The Meta Sudans (Latin: "sweating turning post") was a large monumental conical fountain in ancient Rome.

The Meta Sudans was built some time between 89 and 96  under the Flavian emperors, a few years after the completion of the nearby Colosseum. It was built between the Colosseum and the Temple of Venus and Roma, close to the later Arch of Constantine, at the juncture of four regions of ancient Rome: regions I, III, IV, X (and perhaps II).

A meta was a tall conical object in a Roman circus that stood at either end of the central spina, around which racing chariots would turn. The Meta Sudans had the same shape, and also functioned as a similar kind of turning point, in that it marked the spot where a Roman triumphal procession would turn left from the via Triumphalis along the east side of the Palatine onto the via Sacra and into the Forum Romanum itself.

The Meta Sudans was built of a brick and concrete core, faced with marble. It seems to have "sweated" the water (sudans means "sweating"), rather than jetting it out the top. This may mean that it oozed out the top, or perhaps that water came from holes in its side. The monument is estimated to have stood up to 17 m tall; until the 20th century, its concrete core was still over 9 m high. It had a base pool 16 m wide and 1.4 m deep.

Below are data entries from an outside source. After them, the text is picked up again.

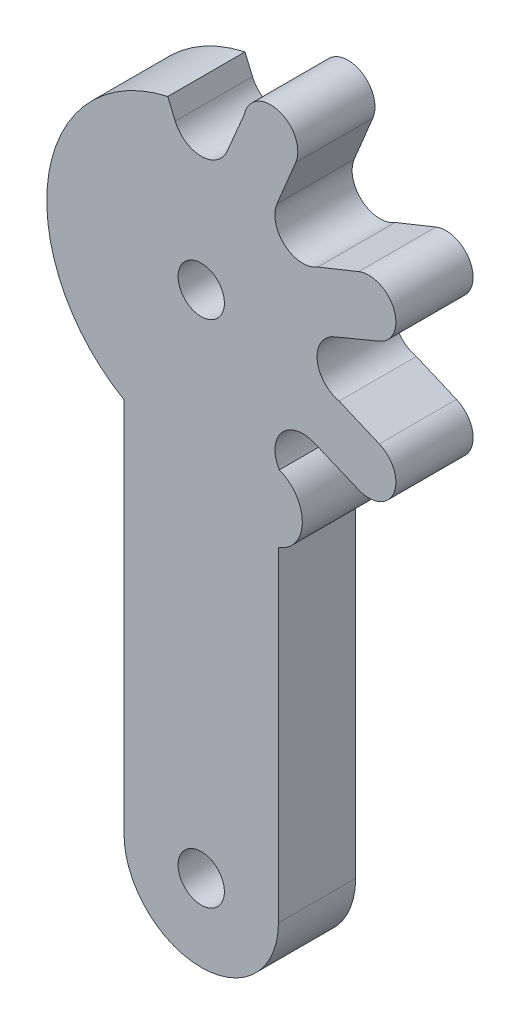
ISO-10303-21;
HEADER;
FILE_DESCRIPTION(('STEP AP214'),'2;1');
FILE_NAME('part.step','',(''),(''),'','','');
FILE_SCHEMA(('AUTOMOTIVE_DESIGN { 1 0 10303 214 1 1 1 1 }'));
ENDSEC;
DATA;
#1=APPLICATION_CONTEXT('core data for automotive mechanical design processes');
#2=APPLICATION_PROTOCOL_DEFINITION('international standard','automotive_design',2000,#1);
#3=PRODUCT_CONTEXT('',#1,'mechanical');
#4=PRODUCT('Part','Part','',(#3));
#5=PRODUCT_RELATED_PRODUCT_CATEGORY('part','',(#4));
#6=PRODUCT_DEFINITION_FORMATION('','',#4);
#7=PRODUCT_DEFINITION_CONTEXT('part definition',#1,'design');
#8=PRODUCT_DEFINITION('design','',#6,#7);
#9=PRODUCT_DEFINITION_SHAPE('','',#8);
#10=(LENGTH_UNIT() NAMED_UNIT(*) SI_UNIT(.MILLI.,.METRE.));
#11=(NAMED_UNIT(*) PLANE_ANGLE_UNIT() SI_UNIT($,.RADIAN.));
#12=(NAMED_UNIT(*) SI_UNIT($,.STERADIAN.) SOLID_ANGLE_UNIT());
#13=UNCERTAINTY_MEASURE_WITH_UNIT(LENGTH_MEASURE(1.E-05),#10,'distance_accuracy_value','');
#14=(GEOMETRIC_REPRESENTATION_CONTEXT(3) GLOBAL_UNCERTAINTY_ASSIGNED_CONTEXT((#13)) GLOBAL_UNIT_ASSIGNED_CONTEXT((#10,
#11,#12)) REPRESENTATION_CONTEXT('',''));
#15=CARTESIAN_POINT('',(0.,0.,0.));
#16=DIRECTION('',(0.,0.,1.));
#17=DIRECTION('',(1.,0.,0.));
#18=AXIS2_PLACEMENT_3D('',#15,#16,#17);
#19=CARTESIAN_POINT('',(4.99970649552399,4.44677047828112E-05,5.));
#20=DIRECTION('',(0.999999999960448,8.89406304567324E-06,0.));
#21=DIRECTION('',(-8.89406304567324E-06,0.999999999960448,0.));
#22=AXIS2_PLACEMENT_3D('',#19,#20,#21);
#23=PLANE('',#22);
#24=DIRECTION('',(8.89406304567324E-06,-0.999999999960448,0.));
#25=VECTOR('',#24,1.);
#26=CARTESIAN_POINT('',(4.99970649552399,4.44677047828112E-05,0.));
#27=LINE('',#26,#25);
#28=CARTESIAN_POINT('',(4.99981272260186,-11.9435495145082,0.));
#29=VERTEX_POINT('',#28);
#30=CARTESIAN_POINT('',(5.,-32.9999999990811,0.));
#31=VERTEX_POINT('',#30);
#32=EDGE_CURVE('E204',#29,#31,#27,.T.);
#33=ORIENTED_EDGE('',*,*,#32,.F.);
#34=DIRECTION('',(0.,0.,-1.));
#35=VECTOR('',#34,1.);
#36=CARTESIAN_POINT('',(4.99981272260186,-11.9435495145082,5.));
#37=LINE('',#36,#35);
#38=CARTESIAN_POINT('',(4.99981272260186,-11.9435495145082,5.));
#39=VERTEX_POINT('',#38);
#40=EDGE_CURVE('E11',#39,#29,#37,.T.);
#41=ORIENTED_EDGE('',*,*,#40,.F.);
#42=DIRECTION('',(8.89406304567324E-06,-0.999999999960448,0.));
#43=VECTOR('',#42,1.);
#44=CARTESIAN_POINT('',(4.99970649552399,4.44677047828112E-05,5.));
#45=LINE('',#44,#43);
#46=CARTESIAN_POINT('',(5.,-32.9999999990811,5.));
#47=VERTEX_POINT('',#46);
#48=EDGE_CURVE('E579',#39,#47,#45,.T.);
#49=ORIENTED_EDGE('',*,*,#48,.T.);
#50=DIRECTION('',(0.,0.,-1.));
#51=VECTOR('',#50,1.);
#52=CARTESIAN_POINT('',(5.,-32.9999999990811,5.));
#53=LINE('',#52,#51);
#54=EDGE_CURVE('E119',#47,#31,#53,.T.);
#55=ORIENTED_EDGE('',*,*,#54,.T.);
#56=EDGE_LOOP('',(#33,#41,#49,#55));
#57=FACE_BOUND('',#56,.T.);
#58=ADVANCED_FACE('F34',(#57),#23,.T.);
#59=CARTESIAN_POINT('',(4.20698218271208,-9.74206172722626,5.));
#60=DIRECTION('',(0.,0.,-1.));
#61=DIRECTION('',(-1.,0.,0.));
#62=AXIS2_PLACEMENT_3D('',#59,#60,#61);
#63=CYLINDRICAL_SURFACE('',#62,2.33989930179343);
#64=CARTESIAN_POINT('',(4.20698218271208,-9.74206172722626,0.));
#65=DIRECTION('',(0.,0.,1.));
#66=DIRECTION('',(1.,0.,0.));
#67=AXIS2_PLACEMENT_3D('',#64,#65,#66);
#68=CIRCLE('',#67,2.33989930179343);
#69=CARTESIAN_POINT('',(5.06067248823431,-7.56345171054344,0.));
#70=VERTEX_POINT('',#69);
#71=EDGE_CURVE('E206',#29,#70,#68,.T.);
#72=ORIENTED_EDGE('',*,*,#71,.T.);
#73=DIRECTION('',(0.,0.,-1.));
#74=VECTOR('',#73,1.);
#75=CARTESIAN_POINT('',(5.06067248823431,-7.56345171054344,5.));
#76=LINE('',#75,#74);
#77=CARTESIAN_POINT('',(5.06067248823431,-7.56345171054344,5.));
#78=VERTEX_POINT('',#77);
#79=EDGE_CURVE('E43',#78,#70,#76,.T.);
#80=ORIENTED_EDGE('',*,*,#79,.F.);
#81=CARTESIAN_POINT('',(4.20698218271208,-9.74206172722626,5.));
#82=DIRECTION('',(0.,0.,1.));
#83=DIRECTION('',(1.,0.,0.));
#84=AXIS2_PLACEMENT_3D('',#81,#82,#83);
#85=CIRCLE('',#84,2.33989930179343);
#86=EDGE_CURVE('E577',#39,#78,#85,.T.);
#87=ORIENTED_EDGE('',*,*,#86,.F.);
#88=ORIENTED_EDGE('',*,*,#40,.T.);
#89=EDGE_LOOP('',(#72,#80,#87,#88));
#90=FACE_BOUND('',#89,.T.);
#91=ADVANCED_FACE('F296',(#90),#63,.T.);
#92=CARTESIAN_POINT('',(6.58824723791817,-6.58419019165335,5.));
#93=DIRECTION('',(0.,0.,-1.));
#94=DIRECTION('',(-1.,0.,0.));
#95=AXIS2_PLACEMENT_3D('',#92,#93,#94);
#96=CYLINDRICAL_SURFACE('',#95,1.81450757459169);
#97=CARTESIAN_POINT('',(6.58824723791817,-6.58419019165335,0.));
#98=DIRECTION('',(0.,0.,1.));
#99=DIRECTION('',(1.,0.,0.));
#100=AXIS2_PLACEMENT_3D('',#97,#98,#99);
#101=CIRCLE('',#100,1.81450757459169);
#102=CARTESIAN_POINT('',(7.28281649303357,-4.90788136327504,0.));
#103=VERTEX_POINT('',#102);
#104=EDGE_CURVE('E209',#70,#103,#101,.F.);
#105=ORIENTED_EDGE('',*,*,#104,.T.);
#106=DIRECTION('',(0.,0.,-1.));
#107=VECTOR('',#106,1.);
#108=CARTESIAN_POINT('',(7.28281649303357,-4.90788136327504,5.));
#109=LINE('',#108,#107);
#110=CARTESIAN_POINT('',(7.28281649303357,-4.90788136327504,5.));
#111=VERTEX_POINT('',#110);
#112=EDGE_CURVE('E286',#111,#103,#109,.T.);
#113=ORIENTED_EDGE('',*,*,#112,.F.);
#114=CARTESIAN_POINT('',(6.58824723791817,-6.58419019165335,5.));
#115=DIRECTION('',(0.,0.,1.));
#116=DIRECTION('',(1.,0.,0.));
#117=AXIS2_PLACEMENT_3D('',#114,#115,#116);
#118=CIRCLE('',#117,1.81450757459169);
#119=EDGE_CURVE('E292',#78,#111,#118,.F.);
#120=ORIENTED_EDGE('',*,*,#119,.F.);
#121=ORIENTED_EDGE('',*,*,#79,.T.);
#122=EDGE_LOOP('',(#105,#113,#120,#121));
#123=FACE_BOUND('',#122,.T.);
#124=ADVANCED_FACE('F290',(#123),#96,.F.);
#125=CARTESIAN_POINT('',(-0.668654314279278,-1.61427431407232,5.));
#126=DIRECTION('',(-0.38268343236509,-0.923879532511287,0.));
#127=DIRECTION('',(0.923879532511287,-0.38268343236509,0.));
#128=AXIS2_PLACEMENT_3D('',#125,#126,#127);
#129=PLANE('',#128);
#130=DIRECTION('',(-0.923879532511287,0.38268343236509,0.));
#131=VECTOR('',#130,1.);
#132=CARTESIAN_POINT('',(-0.668654314279278,-1.61427431407232,0.));
#133=LINE('',#132,#131);
#134=CARTESIAN_POINT('',(10.1869299011087,-6.11080452356931,0.));
#135=VERTEX_POINT('',#134);
#136=EDGE_CURVE('E212',#135,#103,#133,.T.);
#137=ORIENTED_EDGE('',*,*,#136,.F.);
#138=DIRECTION('',(0.,0.,-1.));
#139=VECTOR('',#138,1.);
#140=CARTESIAN_POINT('',(10.1869299011087,-6.11080452356931,5.));
#141=LINE('',#140,#139);
#142=CARTESIAN_POINT('',(10.1869299011087,-6.11080452356931,5.));
#143=VERTEX_POINT('',#142);
#144=EDGE_CURVE('E284',#143,#135,#141,.T.);
#145=ORIENTED_EDGE('',*,*,#144,.F.);
#146=DIRECTION('',(-0.923879532511287,0.38268343236509,0.));
#147=VECTOR('',#146,1.);
#148=CARTESIAN_POINT('',(-0.668654314279278,-1.61427431407232,5.));
#149=LINE('',#148,#147);
#150=EDGE_CURVE('E530',#143,#111,#149,.T.);
#151=ORIENTED_EDGE('',*,*,#150,.T.);
#152=ORIENTED_EDGE('',*,*,#112,.T.);
#153=EDGE_LOOP('',(#137,#145,#151,#152));
#154=FACE_BOUND('',#153,.T.);
#155=ADVANCED_FACE('F382',(#154),#129,.T.);
#156=CARTESIAN_POINT('',(10.856438621682,-4.49393779066091,5.));
#157=DIRECTION('',(0.,0.,-1.));
#158=DIRECTION('',(-1.,0.,0.));
#159=AXIS2_PLACEMENT_3D('',#156,#157,#158);
#160=CYLINDRICAL_SURFACE('',#159,1.74999998825991);
#161=CARTESIAN_POINT('',(10.856438621682,-4.49393779066091,0.));
#162=DIRECTION('',(0.,0.,1.));
#163=DIRECTION('',(1.,0.,0.));
#164=AXIS2_PLACEMENT_3D('',#161,#162,#163);
#165=CIRCLE('',#164,1.74999998825991);
#166=CARTESIAN_POINT('',(11.5259473419372,-2.87707105762073,0.));
#167=VERTEX_POINT('',#166);
#168=EDGE_CURVE('E215',#167,#135,#165,.F.);
#169=ORIENTED_EDGE('',*,*,#168,.F.);
#170=DIRECTION('',(0.,0.,-1.));
#171=VECTOR('',#170,1.);
#172=CARTESIAN_POINT('',(11.5259473419372,-2.87707105762073,5.));
#173=LINE('',#172,#171);
#174=CARTESIAN_POINT('',(11.5259473419372,-2.87707105762073,5.));
#175=VERTEX_POINT('',#174);
#176=EDGE_CURVE('E282',#175,#167,#173,.T.);
#177=ORIENTED_EDGE('',*,*,#176,.F.);
#178=CARTESIAN_POINT('',(10.856438621682,-4.49393779066091,5.));
#179=DIRECTION('',(0.,0.,1.));
#180=DIRECTION('',(1.,0.,0.));
#181=AXIS2_PLACEMENT_3D('',#178,#179,#180);
#182=CIRCLE('',#181,1.74999998825991);
#183=EDGE_CURVE('E527',#175,#143,#182,.F.);
#184=ORIENTED_EDGE('',*,*,#183,.T.);
#185=ORIENTED_EDGE('',*,*,#144,.T.);
#186=EDGE_LOOP('',(#169,#177,#184,#185));
#187=FACE_BOUND('',#186,.T.);
#188=ADVANCED_FACE('F378',(#187),#160,.T.);
#189=CARTESIAN_POINT('',(0.733386196101343,1.72129038927206,5.));
#190=DIRECTION('',(-0.391972444476687,-0.919976957739144,0.));
#191=DIRECTION('',(0.919976957739144,-0.391972444476687,0.));
#192=AXIS2_PLACEMENT_3D('',#189,#190,#191);
#193=PLANE('',#192);
#194=DIRECTION('',(-0.919976957739144,0.391972444476687,0.));
#195=VECTOR('',#194,1.);
#196=CARTESIAN_POINT('',(0.733386196101343,1.72129038927206,0.));
#197=LINE('',#196,#195);
#198=CARTESIAN_POINT('',(8.9267911025669,-1.76965459881451,0.));
#199=VERTEX_POINT('',#198);
#200=EDGE_CURVE('E218',#167,#199,#197,.T.);
#201=ORIENTED_EDGE('',*,*,#200,.T.);
#202=DIRECTION('',(0.,0.,-1.));
#203=VECTOR('',#202,1.);
#204=CARTESIAN_POINT('',(8.9267911025669,-1.76965459881451,5.));
#205=LINE('',#204,#203);
#206=CARTESIAN_POINT('',(8.9267911025669,-1.76965459881451,5.));
#207=VERTEX_POINT('',#206);
#208=EDGE_CURVE('E279',#207,#199,#205,.T.);
#209=ORIENTED_EDGE('',*,*,#208,.F.);
#210=DIRECTION('',(-0.919976957739144,0.391972444476687,0.));
#211=VECTOR('',#210,1.);
#212=CARTESIAN_POINT('',(0.733386196101343,1.72129038927206,5.));
#213=LINE('',#212,#211);
#214=EDGE_CURVE('E529',#175,#207,#213,.T.);
#215=ORIENTED_EDGE('',*,*,#214,.F.);
#216=ORIENTED_EDGE('',*,*,#176,.T.);
#217=EDGE_LOOP('',(#201,#209,#215,#216));
#218=FACE_BOUND('',#217,.T.);
#219=ADVANCED_FACE('F374',(#218),#193,.F.);
#220=CARTESIAN_POINT('',(9.31450710860851,0.00294632550811113,5.));
#221=DIRECTION('',(0.,0.,-1.));
#222=DIRECTION('',(-1.,0.,0.));
#223=AXIS2_PLACEMENT_3D('',#220,#221,#222);
#224=CYLINDRICAL_SURFACE('',#223,1.8145075745917);
#225=CARTESIAN_POINT('',(9.31450710860851,0.00294632550811113,0.));
#226=DIRECTION('',(0.,0.,1.));
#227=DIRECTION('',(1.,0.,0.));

The fountain was obviously damaged in the Middle Ages because it already appears as a ruin in early views of the Colosseum. Photos from the end of the 19th century show a conical structure of solid bricks next to the Arch of Constantine, surrounded by its own original, reflecting stone pool. The ruins of Meta Sudans survived until the 20th century. In 1936 Benito Mussolini had its remains wantonly demolished and paved over to make room for the new traffic circle around the Colosseum. A commemorative plaque was set in the road. Although the above-ground structure is gone, its foundations were later re-excavated, revealing the extensive substructure. After another excavation in 1997-98 the traffic circle was closed and the area became a pedestrian district.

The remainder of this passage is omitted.